### Task details
Repeat, exactly and with no pictures, the lines that run from the beginning of the entries through the line containing "line L2 (-793.75, 366.1786)".

### Records to process
┄┄┄┄┄┄┄┄┄┄

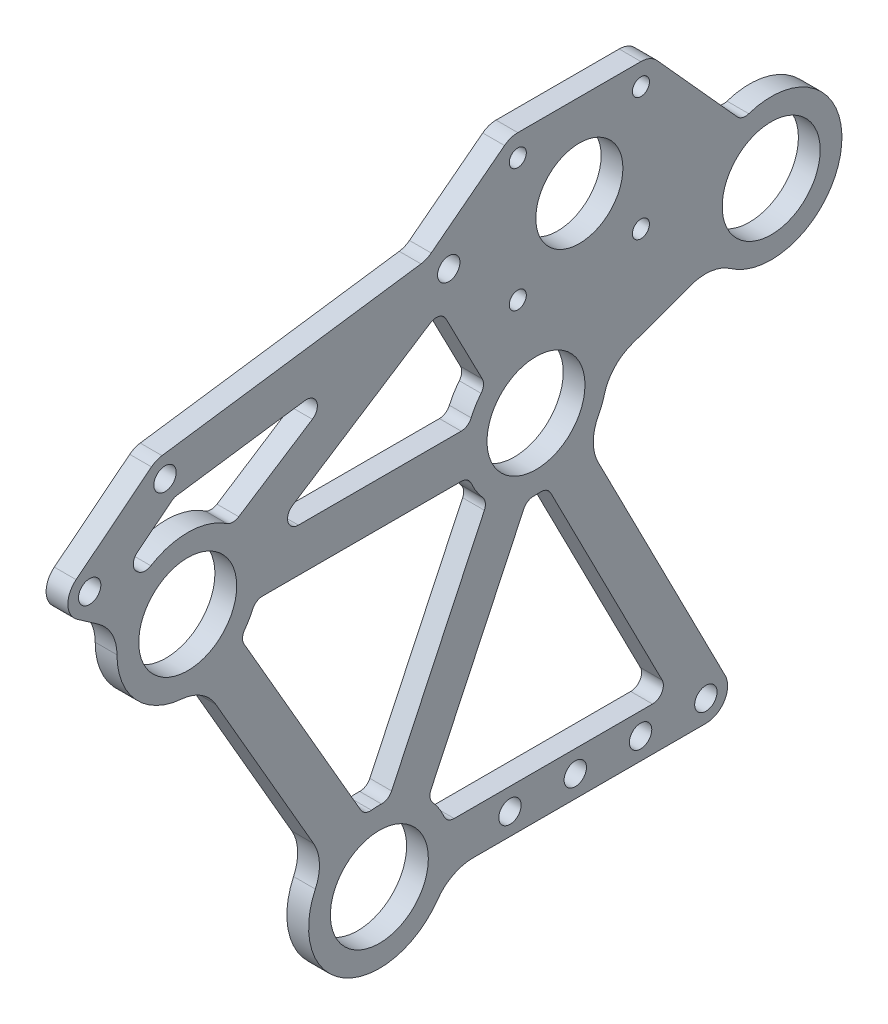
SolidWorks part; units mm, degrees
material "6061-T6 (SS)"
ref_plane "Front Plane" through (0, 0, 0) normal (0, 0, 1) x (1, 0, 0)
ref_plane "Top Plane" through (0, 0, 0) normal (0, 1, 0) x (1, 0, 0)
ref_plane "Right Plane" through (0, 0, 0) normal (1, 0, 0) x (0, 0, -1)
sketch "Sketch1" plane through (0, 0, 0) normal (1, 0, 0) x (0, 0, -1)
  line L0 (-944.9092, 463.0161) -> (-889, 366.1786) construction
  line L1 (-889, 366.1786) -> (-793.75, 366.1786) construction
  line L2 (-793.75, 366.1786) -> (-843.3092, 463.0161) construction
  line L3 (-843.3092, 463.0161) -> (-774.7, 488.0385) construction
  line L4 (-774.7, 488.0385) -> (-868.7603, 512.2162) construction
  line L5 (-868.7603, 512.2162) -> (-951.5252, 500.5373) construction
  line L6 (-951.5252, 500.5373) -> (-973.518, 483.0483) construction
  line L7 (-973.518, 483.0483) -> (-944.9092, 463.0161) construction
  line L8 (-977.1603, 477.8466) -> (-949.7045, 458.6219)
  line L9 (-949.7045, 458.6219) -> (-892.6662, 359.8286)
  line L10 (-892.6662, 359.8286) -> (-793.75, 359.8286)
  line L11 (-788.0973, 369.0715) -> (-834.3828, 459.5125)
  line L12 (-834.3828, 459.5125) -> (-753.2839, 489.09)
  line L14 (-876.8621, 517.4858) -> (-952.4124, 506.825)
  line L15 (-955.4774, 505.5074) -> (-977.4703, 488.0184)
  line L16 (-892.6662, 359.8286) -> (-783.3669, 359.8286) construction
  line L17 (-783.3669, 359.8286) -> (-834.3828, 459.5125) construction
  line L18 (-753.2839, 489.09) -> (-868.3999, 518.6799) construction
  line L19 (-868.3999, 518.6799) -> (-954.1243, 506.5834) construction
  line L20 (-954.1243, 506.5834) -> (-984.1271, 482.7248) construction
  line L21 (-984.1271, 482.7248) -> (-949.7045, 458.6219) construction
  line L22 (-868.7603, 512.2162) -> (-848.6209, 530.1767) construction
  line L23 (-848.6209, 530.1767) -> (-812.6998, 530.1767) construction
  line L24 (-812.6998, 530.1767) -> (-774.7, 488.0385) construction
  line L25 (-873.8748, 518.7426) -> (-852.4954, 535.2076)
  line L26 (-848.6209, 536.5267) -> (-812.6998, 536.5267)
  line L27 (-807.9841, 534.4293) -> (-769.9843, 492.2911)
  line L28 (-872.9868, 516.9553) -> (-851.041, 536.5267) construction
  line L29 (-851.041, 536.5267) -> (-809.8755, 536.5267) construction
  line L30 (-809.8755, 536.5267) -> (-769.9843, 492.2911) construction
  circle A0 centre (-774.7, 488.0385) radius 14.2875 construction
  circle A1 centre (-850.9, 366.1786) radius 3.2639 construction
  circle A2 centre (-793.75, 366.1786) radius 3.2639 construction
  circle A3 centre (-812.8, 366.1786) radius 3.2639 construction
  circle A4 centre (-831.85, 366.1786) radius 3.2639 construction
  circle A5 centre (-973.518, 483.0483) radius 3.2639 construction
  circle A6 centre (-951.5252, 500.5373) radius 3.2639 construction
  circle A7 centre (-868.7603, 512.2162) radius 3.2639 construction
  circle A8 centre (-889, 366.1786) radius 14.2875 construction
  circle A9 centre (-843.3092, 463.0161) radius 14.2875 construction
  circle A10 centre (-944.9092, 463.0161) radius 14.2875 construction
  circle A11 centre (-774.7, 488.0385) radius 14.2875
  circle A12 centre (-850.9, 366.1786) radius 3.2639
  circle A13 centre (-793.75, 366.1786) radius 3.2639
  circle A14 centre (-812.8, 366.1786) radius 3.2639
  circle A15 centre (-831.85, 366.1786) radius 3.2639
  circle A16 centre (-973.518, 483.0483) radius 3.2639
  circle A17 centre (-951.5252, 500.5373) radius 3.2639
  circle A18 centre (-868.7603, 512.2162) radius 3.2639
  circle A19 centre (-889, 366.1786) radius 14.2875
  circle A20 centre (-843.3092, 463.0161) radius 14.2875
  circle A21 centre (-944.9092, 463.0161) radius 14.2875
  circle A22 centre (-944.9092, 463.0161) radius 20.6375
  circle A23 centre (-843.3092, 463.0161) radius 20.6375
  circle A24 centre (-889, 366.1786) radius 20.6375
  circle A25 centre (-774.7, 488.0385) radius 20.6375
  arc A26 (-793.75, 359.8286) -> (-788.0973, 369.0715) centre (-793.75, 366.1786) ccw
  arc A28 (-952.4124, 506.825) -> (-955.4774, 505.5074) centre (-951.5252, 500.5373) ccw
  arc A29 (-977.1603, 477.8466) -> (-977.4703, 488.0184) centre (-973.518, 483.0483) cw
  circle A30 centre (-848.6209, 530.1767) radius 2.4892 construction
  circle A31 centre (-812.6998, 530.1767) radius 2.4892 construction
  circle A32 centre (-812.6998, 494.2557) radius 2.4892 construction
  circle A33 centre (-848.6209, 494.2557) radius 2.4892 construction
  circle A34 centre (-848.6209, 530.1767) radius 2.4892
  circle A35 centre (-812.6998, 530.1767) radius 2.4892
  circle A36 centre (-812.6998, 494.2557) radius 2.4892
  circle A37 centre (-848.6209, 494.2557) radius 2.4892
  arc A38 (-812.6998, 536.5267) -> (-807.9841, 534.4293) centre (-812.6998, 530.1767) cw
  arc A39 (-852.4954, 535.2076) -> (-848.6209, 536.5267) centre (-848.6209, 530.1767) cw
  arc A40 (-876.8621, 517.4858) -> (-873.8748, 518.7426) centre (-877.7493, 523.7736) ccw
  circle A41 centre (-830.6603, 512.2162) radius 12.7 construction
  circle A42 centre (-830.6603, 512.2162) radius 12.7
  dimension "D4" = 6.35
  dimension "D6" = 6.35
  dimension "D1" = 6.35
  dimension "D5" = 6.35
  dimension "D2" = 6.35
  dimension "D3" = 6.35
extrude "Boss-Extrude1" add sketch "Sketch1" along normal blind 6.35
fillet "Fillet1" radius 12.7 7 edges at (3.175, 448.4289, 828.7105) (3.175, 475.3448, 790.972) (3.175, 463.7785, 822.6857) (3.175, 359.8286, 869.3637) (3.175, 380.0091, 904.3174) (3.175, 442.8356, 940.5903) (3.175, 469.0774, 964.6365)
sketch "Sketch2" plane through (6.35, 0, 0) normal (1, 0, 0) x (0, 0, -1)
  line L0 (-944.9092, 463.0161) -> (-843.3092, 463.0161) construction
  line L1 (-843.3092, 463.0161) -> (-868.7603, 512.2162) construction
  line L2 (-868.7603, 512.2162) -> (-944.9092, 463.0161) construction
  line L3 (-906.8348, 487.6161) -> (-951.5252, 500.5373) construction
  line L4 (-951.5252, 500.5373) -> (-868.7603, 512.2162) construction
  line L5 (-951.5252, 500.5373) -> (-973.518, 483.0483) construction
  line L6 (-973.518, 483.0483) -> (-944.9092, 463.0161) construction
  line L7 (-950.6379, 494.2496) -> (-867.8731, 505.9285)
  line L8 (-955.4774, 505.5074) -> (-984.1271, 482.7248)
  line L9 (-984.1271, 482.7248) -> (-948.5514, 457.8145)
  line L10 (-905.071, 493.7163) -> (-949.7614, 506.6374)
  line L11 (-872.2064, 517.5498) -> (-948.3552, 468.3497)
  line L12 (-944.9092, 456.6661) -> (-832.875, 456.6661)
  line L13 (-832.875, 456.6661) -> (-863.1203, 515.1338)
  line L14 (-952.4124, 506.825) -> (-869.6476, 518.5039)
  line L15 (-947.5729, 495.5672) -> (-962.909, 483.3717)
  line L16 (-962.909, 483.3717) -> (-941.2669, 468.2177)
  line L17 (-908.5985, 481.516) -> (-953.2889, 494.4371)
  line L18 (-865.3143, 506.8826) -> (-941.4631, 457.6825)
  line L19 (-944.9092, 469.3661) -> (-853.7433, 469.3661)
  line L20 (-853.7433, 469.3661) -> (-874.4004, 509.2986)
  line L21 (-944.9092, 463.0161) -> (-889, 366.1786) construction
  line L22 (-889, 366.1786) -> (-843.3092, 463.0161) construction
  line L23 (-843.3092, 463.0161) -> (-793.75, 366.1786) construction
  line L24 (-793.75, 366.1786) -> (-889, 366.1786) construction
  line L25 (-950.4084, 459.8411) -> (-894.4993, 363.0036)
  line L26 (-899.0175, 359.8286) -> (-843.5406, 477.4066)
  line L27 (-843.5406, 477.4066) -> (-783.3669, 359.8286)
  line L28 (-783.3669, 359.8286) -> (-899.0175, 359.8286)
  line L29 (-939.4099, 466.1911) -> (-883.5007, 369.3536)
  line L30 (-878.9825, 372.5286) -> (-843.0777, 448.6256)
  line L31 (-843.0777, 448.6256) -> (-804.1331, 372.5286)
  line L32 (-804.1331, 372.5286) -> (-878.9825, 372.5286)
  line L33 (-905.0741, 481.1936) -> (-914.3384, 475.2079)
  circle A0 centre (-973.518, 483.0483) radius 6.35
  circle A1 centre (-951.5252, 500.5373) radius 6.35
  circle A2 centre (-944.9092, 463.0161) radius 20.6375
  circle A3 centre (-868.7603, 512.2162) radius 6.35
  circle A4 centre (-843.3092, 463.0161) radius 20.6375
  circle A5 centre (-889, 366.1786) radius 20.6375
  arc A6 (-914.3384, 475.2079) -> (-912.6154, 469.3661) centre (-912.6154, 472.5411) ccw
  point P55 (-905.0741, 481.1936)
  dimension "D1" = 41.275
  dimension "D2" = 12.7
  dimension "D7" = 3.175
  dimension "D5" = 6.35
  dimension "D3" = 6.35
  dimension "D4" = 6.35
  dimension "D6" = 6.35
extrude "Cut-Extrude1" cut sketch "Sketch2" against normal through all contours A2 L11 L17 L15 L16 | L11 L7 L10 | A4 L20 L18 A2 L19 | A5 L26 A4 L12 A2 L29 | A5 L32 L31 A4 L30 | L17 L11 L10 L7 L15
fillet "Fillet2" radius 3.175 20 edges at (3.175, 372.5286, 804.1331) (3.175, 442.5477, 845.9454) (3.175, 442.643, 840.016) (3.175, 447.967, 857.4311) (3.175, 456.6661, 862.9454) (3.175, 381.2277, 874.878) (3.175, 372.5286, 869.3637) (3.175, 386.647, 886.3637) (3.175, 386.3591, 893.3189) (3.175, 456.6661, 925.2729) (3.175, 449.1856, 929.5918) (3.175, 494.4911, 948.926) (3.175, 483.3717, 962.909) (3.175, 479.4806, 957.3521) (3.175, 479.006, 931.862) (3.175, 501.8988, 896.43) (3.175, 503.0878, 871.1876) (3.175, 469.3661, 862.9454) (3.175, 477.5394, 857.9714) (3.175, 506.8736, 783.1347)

┄┄┄┄┄┄┄┄┄┄

### Exercise response
SolidWorks part; units mm, degrees
material "6061-T6 (SS)"
ref_plane "Front Plane" through (0, 0, 0) normal (0, 0, 1) x (1, 0, 0)
ref_plane "Top Plane" through (0, 0, 0) normal (0, 1, 0) x (1, 0, 0)
ref_plane "Right Plane" through (0, 0, 0) normal (1, 0, 0) x (0, 0, -1)
sketch "Sketch1" plane through (0, 0, 0) normal (1, 0, 0) x (0, 0, -1)
  line L0 (-944.9092, 463.0161) -> (-889, 366.1786) construction
  line L1 (-889, 366.1786) -> (-793.75, 366.1786) construction
  line L2 (-793.75, 366.1786) -> (-843.3092, 463.0161) construction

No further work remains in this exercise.